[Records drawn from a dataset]
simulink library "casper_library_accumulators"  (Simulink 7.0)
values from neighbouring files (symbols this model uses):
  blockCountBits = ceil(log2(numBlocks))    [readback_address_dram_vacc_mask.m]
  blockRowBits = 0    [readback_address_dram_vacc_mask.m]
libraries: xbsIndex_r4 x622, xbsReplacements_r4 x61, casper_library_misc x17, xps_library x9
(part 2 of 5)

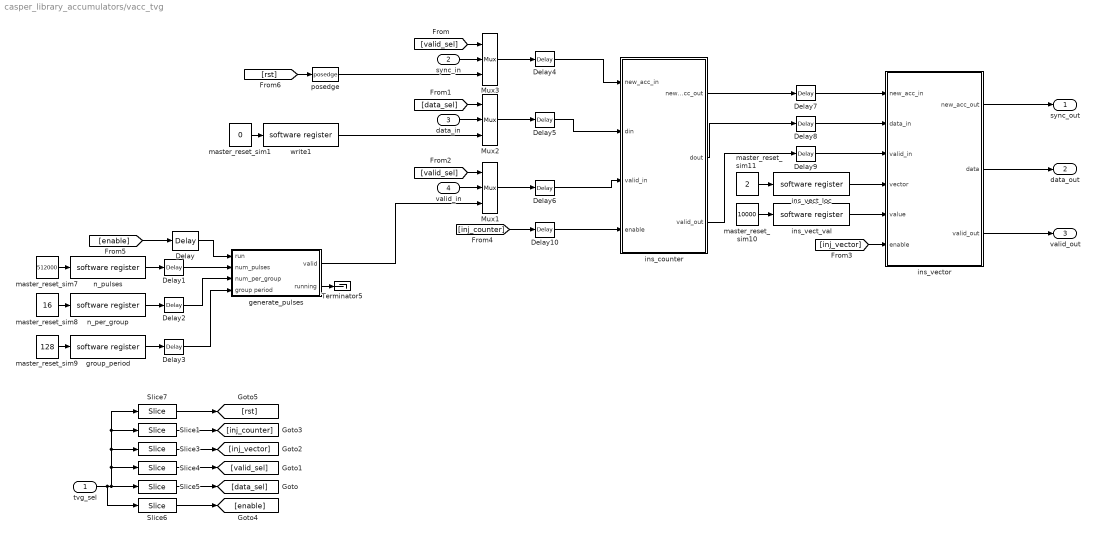
== system casper_library_accumulators/vacc_tvg ==
  tvg_sel : Inport  OutDataType=sfix(16)  OutScaling=2^0
  sync_in : Inport  Port=2  OutDataType=sfix(16)  OutScaling=2^0
  data_in : Inport  Port=3  OutDataType=sfix(16)  OutScaling=2^0
  valid_in : Inport  Port=4  OutDataType=sfix(16)  OutScaling=2^0
  Delay : xbsIndex_r4/Delay  en=off  latency=1  dbl_ovrd=off  reg_retiming=on  block_type=delay
      settings: xl_area=[0, 0, 0, 0, 0, 0, 0]
  Delay{1..10} (10 alike) : xbsIndex_r4/Delay  en=off  latency=2  dbl_ovrd=off  reg_retiming=on  block_type=delay
  Mux1 : xbsIndex_r4/Mux  inputs=2  en=off  latency=0  precision=Full  arith_type="Signed  (2's comp)"  n_bits=8  bin_pt=2  quantization=Truncate  overflow=Wrap  dbl_ovrd=off  block_type=mux
      settings: xl_area=[0, 0, 0, 0, 0, 0, 0]
  Mux2 : xbsIndex_r4/Mux  inputs=2  en=off  latency=0  precision=Full  arith_type="Signed  (2's comp)"  n_bits=8  bin_pt=2  quantization=Truncate  overflow=Wrap  dbl_ovrd=off  block_type=mux
      settings: xl_area=[0, 0, 0, 0, 0, 0, 0]
  Mux3 : xbsIndex_r4/Mux  inputs=2  en=off  latency=0  precision=Full  arith_type="Signed  (2's comp)"  n_bits=8  bin_pt=2  quantization=Truncate  overflow=Wrap  dbl_ovrd=off  block_type=mux
      settings: xl_area=[0, 0, 0, 0, 0, 0, 0]
  Slice1 : xbsIndex_r4/Slice  nbits=1  boolean_output=on  mode=Lower Bit Location + Width  bit1=0  base1=MSB of Input  bit0=4  base0=LSB of Input  dbl_ovrd=off  block_type=slice
      settings: infoedit="Extracts a given range of bits from each input sample and presents it at the output.  The output type is ordinarily unsigned with binary point at zero, but can be Boolean when the slice is one bit wide.<P><P>Hardware notes: In hardware this block costs nothing."  block_version=10.1.3
  Slice3 : xbsIndex_r4/Slice  nbits=1  boolean_output=on  mode=Lower Bit Location + Width  bit1=0  base1=MSB of Input  bit0=3  base0=LSB of Input  dbl_ovrd=off  block_type=slice
      settings: infoedit="Extracts a given range of bits from each input sample and presents it at the output.  The output type is ordinarily unsigned with binary point at zero, but can be Boolean when the slice is one bit wide.<P><P>Hardware notes: In hardware this block costs nothing."  block_version=10.1.3
  Slice4 : xbsIndex_r4/Slice  nbits=1  boolean_output=on  mode=Lower Bit Location + Width  bit1=0  base1=MSB of Input  bit0=2  base0=LSB of Input  dbl_ovrd=off  block_type=slice
      settings: infoedit="Extracts a given range of bits from each input sample and presents it at the output.  The output type is ordinarily unsigned with binary point at zero, but can be Boolean when the slice is one bit wide.<P><P>Hardware notes: In hardware this block costs nothing."  block_version=10.1.3
  Slice5 : xbsIndex_r4/Slice  nbits=1  boolean_output=on  mode=Lower Bit Location + Width  bit1=0  base1=MSB of Input  bit0=1  base0=LSB of Input  dbl_ovrd=off  block_type=slice
      settings: infoedit="Extracts a given range of bits from each input sample and presents it at the output.  The output type is ordinarily unsigned with binary point at zero, but can be Boolean when the slice is one bit wide.<P><P>Hardware notes: In hardware this block costs nothing."  block_version=10.1.3
  Slice6 : xbsIndex_r4/Slice  nbits=1  boolean_output=on  mode=Lower Bit Location + Width  bit1=0  base1=MSB of Input  bit0=0  base0=LSB of Input  dbl_ovrd=off  block_type=slice
      settings: infoedit="Extracts a given range of bits from each input sample and presents it at the output.  The output type is ordinarily unsigned with binary point at zero, but can be Boolean when the slice is one bit wide.<P><P>Hardware notes: In hardware this block costs nothing."  block_version=10.1.3
  Slice7 : xbsIndex_r4/Slice  nbits=1  boolean_output=on  mode=Lower Bit Location + Width  bit1=0  base1=MSB of Input  bit0=5  base0=LSB of Input  dbl_ovrd=off  block_type=slice
      settings: infoedit="Extracts a given range of bits from each input sample and presents it at the output.  The output type is ordinarily unsigned with binary point at zero, but can be Boolean when the slice is one bit wide.<P><P>Hardware notes: In hardware this block costs nothing."  block_version=10.1.3
  Terminator5 : Terminator
  generate_pulses : Subsystem
  group_period : xps_library/software register  Tag=xps:sw_reg  SystemSampleTime=-1  io_dir=From Processor  arith_type=Unsigned  bitwidth=32  bin_pt=0  sample_period=1  gw_name=r_4f_2x_16a_r322m_vacc_tvg0_group_period_user_data_out
      link override qdr_vacc_dram_tvg1_group_period_user_data_out: arith_type=Unsigned  n_bits=32  bin_pt=0  period=1
      link override qdr_vacc_qdr_tvg_group_period_user_data_out: arith_type=Unsigned  n_bits=32  bin_pt=0  period=1
      link override r_4f_2x_16a_r322m_vacc_tvg0_group_period_user_data_out: arith_type=Unsigned  n_bits=32  bin_pt=0  period=1
      link override test_d_v_p_10_1_new_packet_format_qdr_tvg_group_period_user_data_out: arith_type=Unsigned  n_bits=32  bin_pt=0  period=1
      link override test_qdr_vacc2_vacc_tvg_group_period_user_data_out: arith_type=Unsigned  n_bits=32  bin_pt=0  period=1
      link override test_qdr_vacc3_vacc_tvg_group_period_user_data_out: arith_type=Unsigned  n_bits=32  bin_pt=0  period=1
      link override test_qdr_vacc_qdr_tvg_group_period_user_data_out: arith_type=Unsigned  n_bits=32  bin_pt=0  period=1
      link override test_qdr_vacc_vacc_tvg_group_period_user_data_out: arith_type=Unsigned  n_bits=32  bin_pt=0  period=1
      link override test_vacc_10_1_new_pkt_form_qdr_tvg_group_period_user_data_out: arith_type=Unsigned  n_bits=32  bin_pt=0  period=1
      link override test_vacc_pkt_10_1_vacc_tvg0_group_period_user_data_out: arith_type=Unsigned  n_bits=32  bin_pt=0  period=1
      link override test_vacc_pkt_10_1_vacc_tvg_group_period_user_data_out: arith_type=Unsigned  n_bits=32  bin_pt=0  period=1
      link override xflow_sim_8a_vacc_tvg0_group_period_user_data_out: arith_type=Unsigned  n_bits=32  bin_pt=0  period=1
      link override xflow_sim_vacc_tvg0_group_period_user_data_out: arith_type=Unsigned  n_bits=32  bin_pt=0  period=1
  ins_counter : Subsystem  mask{vec_len=len}
      mask prompts: vec_len "Vector Length?"
      mask init:
      | fmtstr = sprintf('Vector Length: %d', vec_len);
      | set_param(gcb, 'AttributesFormatString', fmtstr);
      settings: AttributesFormatString=Vector Length: 139264
  ins_vect_loc : xps_library/software register  Tag=xps:sw_reg  SystemSampleTime=-1  io_dir=From Processor  arith_type=Unsigned  bitwidth=32  bin_pt=0  sample_period=1  gw_name=r_4f_2x_16a_r322m_vacc_tvg0_ins_vect_loc_user_data_out
      link override qdr_vacc_dram_tvg1_inject_vector_location_user_data_out: arith_type=Unsigned  n_bits=32  bin_pt=0  period=1
      link override qdr_vacc_qdr_tvg_inject_vector_location_user_data_out: arith_type=Unsigned  n_bits=32  bin_pt=0  period=1
      link override r_4f_2x_16a_r322m_vacc_tvg0_ins_vect_loc_user_data_out: arith_type=Unsigned  n_bits=32  bin_pt=0  period=1
      link override test_d_v_p_10_1_new_packet_format_qdr_tvg_inject_vector_location_user_data_out: arith_type=Unsigned  n_bits=32  bin_pt=0  period=1
      link override test_qdr_vacc2_vacc_tvg_ins_vect_loc_user_data_out: arith_type=Unsigned  n_bits=32  bin_pt=0  period=1
      link override test_qdr_vacc3_vacc_tvg_ins_vect_loc_user_data_out: arith_type=Unsigned  n_bits=32  bin_pt=0  period=1
      link override test_qdr_vacc_qdr_tvg_inject_vector_location_user_data_out: arith_type=Unsigned  n_bits=32  bin_pt=0  period=1
      link override test_qdr_vacc_vacc_tvg_ins_vect_loc_user_data_out: arith_type=Unsigned  n_bits=32  bin_pt=0  period=1
      link override test_vacc_10_1_new_pkt_form_qdr_tvg_inject_vector_location_user_data_out: arith_type=Unsigned  n_bits=32  bin_pt=0  period=1
      link override test_vacc_pkt_10_1_vacc_tvg0_ins_vect_loc_user_data_out: arith_type=Unsigned  n_bits=32  bin_pt=0  period=1
      link override test_vacc_pkt_10_1_vacc_tvg_inject_vector_location_user_data_out: arith_type=Unsigned  n_bits=32  bin_pt=0  period=1
      link override test_vacc_pkt_10_1_vacc_tvg_ins_vect_loc_user_data_out: arith_type=Unsigned  n_bits=32  bin_pt=0  period=1
      link override xflow_sim_8a_vacc_tvg0_ins_vect_loc_user_data_out: arith_type=Unsigned  n_bits=32  bin_pt=0  period=1
      link override xflow_sim_vacc_tvg0_ins_vect_loc_user_data_out: arith_type=Unsigned  n_bits=32  bin_pt=0  period=1
  ins_vect_val : xps_library/software register  Tag=xps:sw_reg  SystemSampleTime=-1  io_dir=From Processor  arith_type=Unsigned  bitwidth=32  bin_pt=0  sample_period=1  gw_name=r_4f_2x_16a_r322m_vacc_tvg0_ins_vect_val_user_data_out
      link override qdr_vacc_dram_tvg1_inject_vector_value_user_data_out: arith_type=Unsigned  n_bits=32  bin_pt=0  period=1
      link override qdr_vacc_qdr_tvg_inject_vector_value_user_data_out: arith_type=Unsigned  n_bits=32  bin_pt=0  period=1
      link override r_4f_2x_16a_r322m_vacc_tvg0_ins_vect_val_user_data_out: arith_type=Unsigned  n_bits=32  bin_pt=0  period=1
      link override test_d_v_p_10_1_new_packet_format_qdr_tvg_inject_vector_value_user_data_out: arith_type="Signed  (2's comp)"  n_bits=32  bin_pt=0  period=1
      link override test_qdr_vacc2_vacc_tvg_ins_vect_val_user_data_out: arith_type=Unsigned  n_bits=32  bin_pt=0  period=1
      link override test_qdr_vacc3_vacc_tvg_ins_vect_val_user_data_out: arith_type=Unsigned  n_bits=32  bin_pt=0  period=1
      link override test_qdr_vacc_qdr_tvg_inject_vector_value_user_data_out: arith_type="Signed  (2's comp)"  n_bits=32  bin_pt=0  period=1
      link override test_qdr_vacc_vacc_tvg_ins_vect_val_user_data_out: arith_type=Unsigned  n_bits=32  bin_pt=0  period=1
      link override test_vacc_10_1_new_pkt_form_qdr_tvg_inject_vector_value_user_data_out: arith_type="Signed  (2's comp)"  n_bits=32  bin_pt=0  period=1
      link override test_vacc_pkt_10_1_vacc_tvg0_ins_vect_val_user_data_out: arith_type=Unsigned  n_bits=32  bin_pt=0  period=1
      link override test_vacc_pkt_10_1_vacc_tvg_inject_vector_value_user_data_out: arith_type="Signed  (2's comp)"  n_bits=32  bin_pt=0  period=1
      link override test_vacc_pkt_10_1_vacc_tvg_ins_vect_val_user_data_out: arith_type="Signed  (2's comp)"  n_bits=32  bin_pt=0  period=1
      link override xflow_sim_8a_vacc_tvg0_ins_vect_val_user_data_out: arith_type=Unsigned  n_bits=32  bin_pt=0  period=1
      link override xflow_sim_vacc_tvg0_ins_vect_val_user_data_out: arith_type=Unsigned  n_bits=32  bin_pt=0  period=1
  ins_vector : Subsystem  mask{num_vectors=len}
      mask prompts: num_vectors "number of vectors"
      mask init:
      | fmtstr = sprintf('Vector Length: %d', num_vectors);
      | set_param(gcb, 'AttributesFormatString', fmtstr);
      settings: AttributesFormatString=Vector Length: 139264
  master_reset_sim1 : Constant  Value=0  OutDataType=sfix(16)  OutScaling=2^0
  master_reset_sim10 : Constant  Value=10000  OutDataType=sfix(16)  OutScaling=2^0
  master_reset_sim11 : Constant  Value=2  OutDataType=sfix(16)  OutScaling=2^0
  master_reset_sim7 : Constant  Value=512000  OutDataType=sfix(16)  OutScaling=2^0
  master_reset_sim8 : Constant  Value=16  OutDataType=sfix(16)  OutScaling=2^0
  master_reset_sim9 : Constant  Value=128  OutDataType=sfix(16)  OutScaling=2^0
  n_per_group : xps_library/software register  Tag=xps:sw_reg  SystemSampleTime=-1  io_dir=From Processor  arith_type=Unsigned  bitwidth=32  bin_pt=0  sample_period=1  gw_name=r_4f_2x_16a_r322m_vacc_tvg0_n_per_group_user_data_out
      link override qdr_vacc_dram_tvg1_num_per_group_user_data_out: arith_type=Unsigned  n_bits=32  bin_pt=0  period=1
      link override qdr_vacc_qdr_tvg_num_per_group_user_data_out: arith_type=Unsigned  n_bits=32  bin_pt=0  period=1
      link override r_4f_2x_16a_r322m_vacc_tvg0_n_per_group_user_data_out: arith_type=Unsigned  n_bits=32  bin_pt=0  period=1
      link override test_d_v_p_10_1_new_packet_format_qdr_tvg_num_per_group_user_data_out: arith_type=Unsigned  n_bits=32  bin_pt=0  period=1
      link override test_qdr_vacc2_vacc_tvg_n_per_group_user_data_out: arith_type=Unsigned  n_bits=32  bin_pt=0  period=1
      link override test_qdr_vacc3_vacc_tvg_n_per_group_user_data_out: arith_type=Unsigned  n_bits=32  bin_pt=0  period=1
      link override test_qdr_vacc_qdr_tvg_num_per_group_user_data_out: arith_type=Unsigned  n_bits=32  bin_pt=0  period=1
      link override test_qdr_vacc_vacc_tvg_n_per_group_user_data_out: arith_type=Unsigned  n_bits=32  bin_pt=0  period=1
      link override test_vacc_10_1_new_pkt_form_qdr_tvg_num_per_group_user_data_out: arith_type=Unsigned  n_bits=32  bin_pt=0  period=1
      link override test_vacc_pkt_10_1_vacc_tvg0_num_per_group_user_data_out: arith_type=Unsigned  n_bits=32  bin_pt=0  period=1
      link override test_vacc_pkt_10_1_vacc_tvg_num_per_group_user_data_out: arith_type=Unsigned  n_bits=32  bin_pt=0  period=1
      link override xflow_sim_8a_vacc_tvg0_num_per_group_user_data_out: arith_type=Unsigned  n_bits=32  bin_pt=0  period=1
      link override xflow_sim_vacc_tvg0_num_per_group_user_data_out: arith_type=Unsigned  n_bits=32  bin_pt=0  period=1
  n_pulses : xps_library/software register  Tag=xps:sw_reg  SystemSampleTime=-1  io_dir=From Processor  arith_type=Unsigned  bitwidth=32  bin_pt=0  sample_period=1  gw_name=r_4f_2x_16a_r322m_vacc_tvg0_n_pulses_user_data_out
      link override qdr_vacc_dram_tvg1_num_pulses_user_data_out: arith_type=Unsigned  n_bits=32  bin_pt=0  period=1
      link override qdr_vacc_qdr_tvg_num_pulses_user_data_out: arith_type=Unsigned  n_bits=32  bin_pt=0  period=1
      link override r_4f_2x_16a_r322m_vacc_tvg0_n_pulses_user_data_out: arith_type=Unsigned  n_bits=32  bin_pt=0  period=1
      link override test_d_v_p_10_1_new_packet_format_qdr_tvg_num_pulses_user_data_out: arith_type=Unsigned  n_bits=32  bin_pt=0  period=1
      link override test_qdr_vacc2_vacc_tvg_n_pulses_user_data_out: arith_type=Unsigned  n_bits=32  bin_pt=0  period=1
      link override test_qdr_vacc3_vacc_tvg_n_pulses_user_data_out: arith_type=Unsigned  n_bits=32  bin_pt=0  period=1
      link override test_qdr_vacc_qdr_tvg_num_pulses_user_data_out: arith_type=Unsigned  n_bits=32  bin_pt=0  period=1
      link override test_qdr_vacc_vacc_tvg_n_pulses_user_data_out: arith_type=Unsigned  n_bits=32  bin_pt=0  period=1
      link override test_vacc_10_1_new_pkt_form_qdr_tvg_num_pulses_user_data_out: arith_type=Unsigned  n_bits=32  bin_pt=0  period=1
      link override test_vacc_pkt_10_1_vacc_tvg0_num_pulses_user_data_out: arith_type=Unsigned  n_bits=32  bin_pt=0  period=1
      link override test_vacc_pkt_10_1_vacc_tvg_num_pulses_user_data_out: arith_type=Unsigned  n_bits=32  bin_pt=0  period=1
      link override xflow_sim_8a_vacc_tvg0_num_pulses_user_data_out: arith_type=Unsigned  n_bits=32  bin_pt=0  period=1
      link override xflow_sim_vacc_tvg0_num_pulses_user_data_out: arith_type=Unsigned  n_bits=32  bin_pt=0  period=1
  posedge : casper_library_misc/posedge  Tag=Rising Edge Detector  SystemSampleTime=-1
  write1 : xps_library/software register  Tag=xps:sw_reg  SystemSampleTime=-1  io_dir=From Processor  arith_type=Unsigned  bitwidth=32  bin_pt=0  sample_period=1  gw_name=r_4f_2x_16a_r322m_vacc_tvg0_write1_user_data_out
      link override qdr_vacc_dram_tvg1_write1_user_data_out: arith_type=Unsigned  n_bits=32  bin_pt=0  period=1
      link override qdr_vacc_qdr_tvg_write1_user_data_out: arith_type=Unsigned  n_bits=32  bin_pt=0  period=1
      link override r_4f_2x_16a_r322m_vacc_tvg0_write1_user_data_out: arith_type=Unsigned  n_bits=32  bin_pt=0  period=1
      link override test_d_v_p_10_1_new_packet_format_qdr_tvg_write1_user_data_out: arith_type="Signed  (2's comp)"  n_bits=32  bin_pt=0  period=1
      link override test_qdr_vacc2_vacc_tvg_write1_user_data_out: arith_type=Unsigned  n_bits=32  bin_pt=0  period=1
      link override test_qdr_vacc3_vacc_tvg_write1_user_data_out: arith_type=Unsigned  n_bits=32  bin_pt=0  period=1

▸ PROBLEM: Report only the number of lines above that contain "sprintf".

▸ RESPONSE: 2